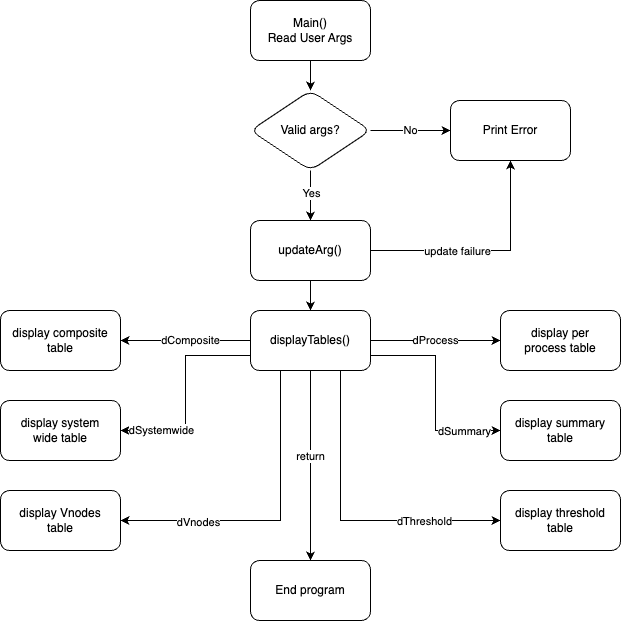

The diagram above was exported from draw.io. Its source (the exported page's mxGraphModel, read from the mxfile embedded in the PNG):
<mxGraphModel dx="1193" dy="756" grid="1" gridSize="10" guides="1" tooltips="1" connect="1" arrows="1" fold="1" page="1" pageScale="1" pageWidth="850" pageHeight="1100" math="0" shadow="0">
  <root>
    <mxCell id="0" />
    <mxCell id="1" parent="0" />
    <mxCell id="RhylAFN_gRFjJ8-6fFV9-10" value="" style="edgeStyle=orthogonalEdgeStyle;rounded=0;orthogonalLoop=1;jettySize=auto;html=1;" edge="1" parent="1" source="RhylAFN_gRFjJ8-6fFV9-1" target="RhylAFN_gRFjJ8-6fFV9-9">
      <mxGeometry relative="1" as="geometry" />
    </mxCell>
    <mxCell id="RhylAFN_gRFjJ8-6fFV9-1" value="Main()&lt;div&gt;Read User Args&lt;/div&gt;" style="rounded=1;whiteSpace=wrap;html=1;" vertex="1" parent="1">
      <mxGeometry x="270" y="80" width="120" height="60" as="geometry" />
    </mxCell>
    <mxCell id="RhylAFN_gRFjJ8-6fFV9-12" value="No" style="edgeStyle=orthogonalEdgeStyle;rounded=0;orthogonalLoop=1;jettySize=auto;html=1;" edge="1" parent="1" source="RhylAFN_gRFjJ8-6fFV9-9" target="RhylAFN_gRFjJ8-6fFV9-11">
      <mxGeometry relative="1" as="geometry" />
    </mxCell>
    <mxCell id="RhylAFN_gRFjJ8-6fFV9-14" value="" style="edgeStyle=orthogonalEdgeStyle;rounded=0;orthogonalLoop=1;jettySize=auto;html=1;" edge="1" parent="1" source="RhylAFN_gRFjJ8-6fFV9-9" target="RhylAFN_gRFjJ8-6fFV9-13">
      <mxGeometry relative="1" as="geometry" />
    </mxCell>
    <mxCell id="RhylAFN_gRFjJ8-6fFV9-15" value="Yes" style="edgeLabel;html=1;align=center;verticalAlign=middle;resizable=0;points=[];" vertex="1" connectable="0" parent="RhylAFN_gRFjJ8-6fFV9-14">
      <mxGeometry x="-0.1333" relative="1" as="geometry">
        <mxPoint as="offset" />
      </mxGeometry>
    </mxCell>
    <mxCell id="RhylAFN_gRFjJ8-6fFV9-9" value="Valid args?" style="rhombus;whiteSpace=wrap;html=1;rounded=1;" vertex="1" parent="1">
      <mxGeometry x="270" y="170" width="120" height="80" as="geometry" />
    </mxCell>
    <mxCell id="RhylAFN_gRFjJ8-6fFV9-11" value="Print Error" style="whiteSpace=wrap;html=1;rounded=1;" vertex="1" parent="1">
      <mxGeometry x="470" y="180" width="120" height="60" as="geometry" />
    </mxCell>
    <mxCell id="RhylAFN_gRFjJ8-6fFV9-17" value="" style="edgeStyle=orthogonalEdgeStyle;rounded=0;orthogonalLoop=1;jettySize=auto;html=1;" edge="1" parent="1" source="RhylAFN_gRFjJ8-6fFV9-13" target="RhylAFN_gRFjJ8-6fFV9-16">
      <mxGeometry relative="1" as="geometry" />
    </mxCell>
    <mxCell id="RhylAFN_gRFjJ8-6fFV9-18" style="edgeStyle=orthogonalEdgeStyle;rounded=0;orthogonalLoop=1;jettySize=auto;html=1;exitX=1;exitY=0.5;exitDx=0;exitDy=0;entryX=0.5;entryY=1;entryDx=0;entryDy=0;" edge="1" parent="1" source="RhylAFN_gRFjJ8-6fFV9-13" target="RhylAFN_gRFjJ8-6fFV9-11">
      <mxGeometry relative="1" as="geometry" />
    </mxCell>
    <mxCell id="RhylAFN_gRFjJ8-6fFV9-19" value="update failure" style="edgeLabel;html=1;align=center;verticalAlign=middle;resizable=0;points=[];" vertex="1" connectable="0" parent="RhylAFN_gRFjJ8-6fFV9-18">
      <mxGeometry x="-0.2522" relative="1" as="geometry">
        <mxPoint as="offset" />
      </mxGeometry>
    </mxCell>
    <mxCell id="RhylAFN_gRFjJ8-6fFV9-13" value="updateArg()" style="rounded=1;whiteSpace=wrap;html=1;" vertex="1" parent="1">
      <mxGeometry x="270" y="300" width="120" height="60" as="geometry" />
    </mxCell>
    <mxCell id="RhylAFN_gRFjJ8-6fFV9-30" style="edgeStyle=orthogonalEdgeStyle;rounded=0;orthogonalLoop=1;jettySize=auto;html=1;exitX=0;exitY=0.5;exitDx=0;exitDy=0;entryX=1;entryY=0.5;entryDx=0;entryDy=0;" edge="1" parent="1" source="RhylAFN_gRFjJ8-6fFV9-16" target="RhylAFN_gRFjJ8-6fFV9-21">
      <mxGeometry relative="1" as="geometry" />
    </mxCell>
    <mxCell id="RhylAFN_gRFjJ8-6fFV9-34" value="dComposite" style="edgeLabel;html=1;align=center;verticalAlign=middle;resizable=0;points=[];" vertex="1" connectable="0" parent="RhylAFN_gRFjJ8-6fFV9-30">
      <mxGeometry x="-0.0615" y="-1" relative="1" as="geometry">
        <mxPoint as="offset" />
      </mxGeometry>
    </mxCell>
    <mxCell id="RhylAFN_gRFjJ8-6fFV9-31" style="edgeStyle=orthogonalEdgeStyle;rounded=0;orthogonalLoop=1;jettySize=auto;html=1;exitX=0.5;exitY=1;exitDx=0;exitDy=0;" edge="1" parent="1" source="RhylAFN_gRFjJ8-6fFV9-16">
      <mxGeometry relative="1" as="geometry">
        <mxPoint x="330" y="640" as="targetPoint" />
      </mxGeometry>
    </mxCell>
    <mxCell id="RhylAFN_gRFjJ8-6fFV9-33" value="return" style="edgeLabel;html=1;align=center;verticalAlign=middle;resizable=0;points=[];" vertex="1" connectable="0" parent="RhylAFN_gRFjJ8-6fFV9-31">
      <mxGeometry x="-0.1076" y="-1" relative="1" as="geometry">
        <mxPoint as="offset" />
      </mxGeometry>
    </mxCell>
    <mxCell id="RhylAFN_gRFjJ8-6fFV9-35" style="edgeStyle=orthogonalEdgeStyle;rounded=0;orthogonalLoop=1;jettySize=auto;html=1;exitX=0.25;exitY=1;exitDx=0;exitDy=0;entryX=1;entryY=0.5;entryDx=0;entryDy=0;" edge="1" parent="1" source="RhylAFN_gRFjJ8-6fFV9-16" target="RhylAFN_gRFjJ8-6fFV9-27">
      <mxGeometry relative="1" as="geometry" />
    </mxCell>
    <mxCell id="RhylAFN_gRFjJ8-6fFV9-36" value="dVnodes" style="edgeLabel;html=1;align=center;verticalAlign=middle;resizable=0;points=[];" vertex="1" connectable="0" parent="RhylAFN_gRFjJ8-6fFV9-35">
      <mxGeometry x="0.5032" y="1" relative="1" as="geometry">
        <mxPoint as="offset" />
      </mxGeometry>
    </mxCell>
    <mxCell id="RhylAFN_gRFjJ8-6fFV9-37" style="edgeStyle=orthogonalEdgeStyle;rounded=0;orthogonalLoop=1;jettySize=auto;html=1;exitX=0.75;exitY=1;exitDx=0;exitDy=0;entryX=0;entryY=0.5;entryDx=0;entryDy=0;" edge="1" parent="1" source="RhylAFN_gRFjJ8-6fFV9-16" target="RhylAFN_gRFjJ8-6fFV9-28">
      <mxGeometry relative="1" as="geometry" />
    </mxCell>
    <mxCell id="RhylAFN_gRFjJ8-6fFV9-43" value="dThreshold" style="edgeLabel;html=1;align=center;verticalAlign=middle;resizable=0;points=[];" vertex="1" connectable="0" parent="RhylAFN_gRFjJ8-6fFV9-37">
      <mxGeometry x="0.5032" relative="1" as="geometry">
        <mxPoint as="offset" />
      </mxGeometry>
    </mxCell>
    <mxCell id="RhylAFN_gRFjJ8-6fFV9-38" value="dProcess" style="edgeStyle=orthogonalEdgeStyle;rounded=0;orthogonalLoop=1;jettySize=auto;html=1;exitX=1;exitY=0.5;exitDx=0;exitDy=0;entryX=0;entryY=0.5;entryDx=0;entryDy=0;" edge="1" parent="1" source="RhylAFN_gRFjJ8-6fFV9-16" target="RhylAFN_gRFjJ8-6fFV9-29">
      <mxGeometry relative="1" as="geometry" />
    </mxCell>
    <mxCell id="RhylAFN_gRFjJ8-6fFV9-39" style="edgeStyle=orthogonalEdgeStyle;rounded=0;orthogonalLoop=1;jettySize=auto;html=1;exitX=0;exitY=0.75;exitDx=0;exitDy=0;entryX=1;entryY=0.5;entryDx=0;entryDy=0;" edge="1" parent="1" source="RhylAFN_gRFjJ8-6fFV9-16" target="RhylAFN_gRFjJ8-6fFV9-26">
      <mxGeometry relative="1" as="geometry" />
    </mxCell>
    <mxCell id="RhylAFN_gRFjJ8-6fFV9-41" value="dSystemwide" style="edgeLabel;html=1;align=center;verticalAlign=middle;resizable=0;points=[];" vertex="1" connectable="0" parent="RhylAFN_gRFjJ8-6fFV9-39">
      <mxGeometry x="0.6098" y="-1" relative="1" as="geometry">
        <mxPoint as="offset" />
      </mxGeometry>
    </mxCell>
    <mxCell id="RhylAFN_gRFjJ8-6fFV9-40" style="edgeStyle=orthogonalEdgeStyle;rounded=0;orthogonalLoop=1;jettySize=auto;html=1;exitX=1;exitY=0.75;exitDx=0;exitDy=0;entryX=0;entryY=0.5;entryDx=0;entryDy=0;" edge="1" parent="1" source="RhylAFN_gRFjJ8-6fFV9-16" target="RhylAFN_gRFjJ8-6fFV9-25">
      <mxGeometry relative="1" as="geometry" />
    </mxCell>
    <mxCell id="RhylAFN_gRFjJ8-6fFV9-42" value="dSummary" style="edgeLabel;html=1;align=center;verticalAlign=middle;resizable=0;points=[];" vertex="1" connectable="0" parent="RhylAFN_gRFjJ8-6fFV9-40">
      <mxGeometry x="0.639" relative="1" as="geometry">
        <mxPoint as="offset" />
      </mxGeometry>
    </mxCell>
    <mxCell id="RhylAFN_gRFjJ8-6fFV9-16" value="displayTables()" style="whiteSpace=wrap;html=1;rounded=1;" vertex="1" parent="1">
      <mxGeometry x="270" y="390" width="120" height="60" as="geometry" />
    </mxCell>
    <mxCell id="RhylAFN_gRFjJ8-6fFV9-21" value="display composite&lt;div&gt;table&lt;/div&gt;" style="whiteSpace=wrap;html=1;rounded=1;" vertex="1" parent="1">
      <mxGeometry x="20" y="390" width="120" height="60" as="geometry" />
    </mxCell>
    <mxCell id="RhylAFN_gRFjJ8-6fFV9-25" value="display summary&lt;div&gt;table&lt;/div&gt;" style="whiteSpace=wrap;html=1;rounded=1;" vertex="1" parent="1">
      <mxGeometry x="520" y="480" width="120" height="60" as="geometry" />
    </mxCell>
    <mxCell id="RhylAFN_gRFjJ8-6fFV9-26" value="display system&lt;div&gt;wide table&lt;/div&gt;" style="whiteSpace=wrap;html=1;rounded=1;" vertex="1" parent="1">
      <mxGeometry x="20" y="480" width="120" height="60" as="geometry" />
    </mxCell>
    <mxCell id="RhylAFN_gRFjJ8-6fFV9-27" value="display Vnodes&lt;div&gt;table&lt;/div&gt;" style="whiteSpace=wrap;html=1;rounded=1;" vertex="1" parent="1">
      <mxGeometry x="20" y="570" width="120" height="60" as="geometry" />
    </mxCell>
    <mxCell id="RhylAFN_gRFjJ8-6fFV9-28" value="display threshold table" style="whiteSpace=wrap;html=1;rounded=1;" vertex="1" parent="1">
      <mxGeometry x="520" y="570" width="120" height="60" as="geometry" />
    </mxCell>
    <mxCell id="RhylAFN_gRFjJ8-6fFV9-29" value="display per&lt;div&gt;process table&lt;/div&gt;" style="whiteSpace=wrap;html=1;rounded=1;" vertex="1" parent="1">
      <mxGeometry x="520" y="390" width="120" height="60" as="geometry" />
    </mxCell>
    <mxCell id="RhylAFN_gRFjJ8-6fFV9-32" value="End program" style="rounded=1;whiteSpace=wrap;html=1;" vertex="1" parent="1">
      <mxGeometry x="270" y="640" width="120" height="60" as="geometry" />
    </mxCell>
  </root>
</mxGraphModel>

■ PROBLEM REQUIREMENTS: State how many lines of the records contain the word "mxGraphModel". Give that number alone.

■ THE ANSWER: 3